▶ **ASSIGNMENT**
Your answer should consist of the lines in the data below that contain "with".

(Collected data)
■ ■ ■

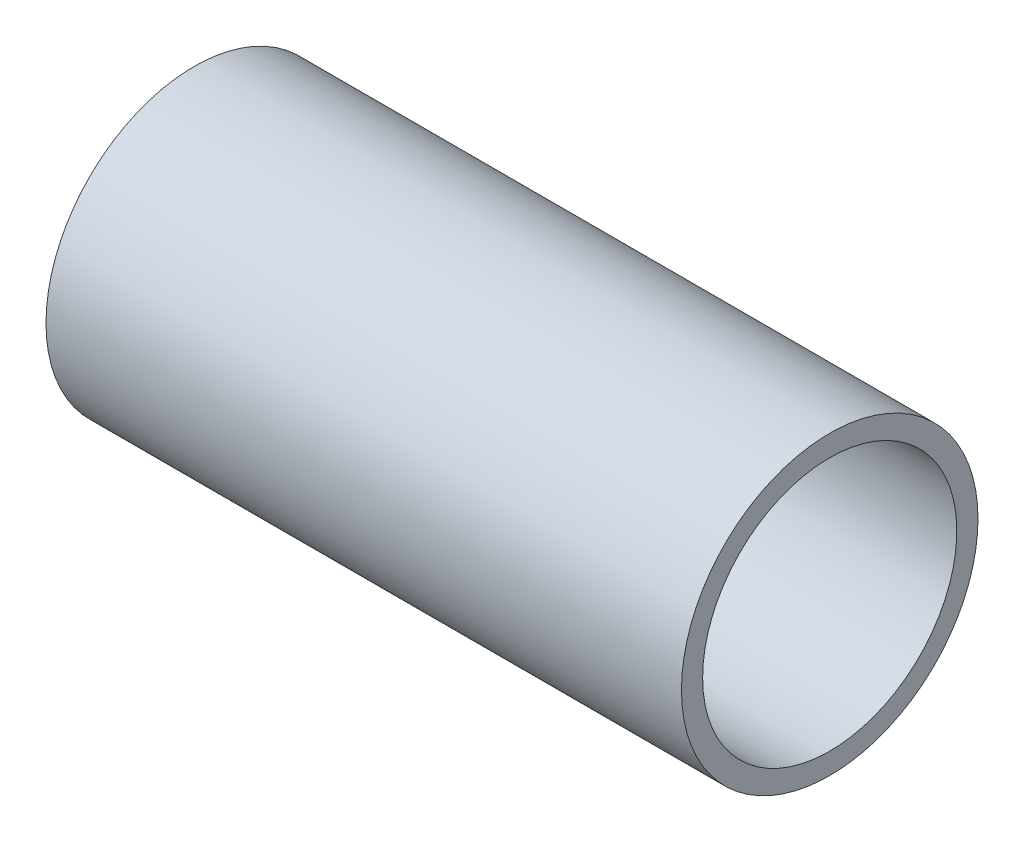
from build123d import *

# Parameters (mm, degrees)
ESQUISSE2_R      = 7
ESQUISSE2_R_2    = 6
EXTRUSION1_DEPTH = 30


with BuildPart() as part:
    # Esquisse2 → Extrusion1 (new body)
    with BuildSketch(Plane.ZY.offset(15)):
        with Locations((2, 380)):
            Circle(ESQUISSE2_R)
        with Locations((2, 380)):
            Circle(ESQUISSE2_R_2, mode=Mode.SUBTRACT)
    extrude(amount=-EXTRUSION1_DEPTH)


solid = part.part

■ ■ ■

▶ **TASK RESULT**
with BuildPart() as part:
    with BuildSketch(Plane.ZY.offset(15)):
        with Locations((2, 380)):
        with Locations((2, 380)):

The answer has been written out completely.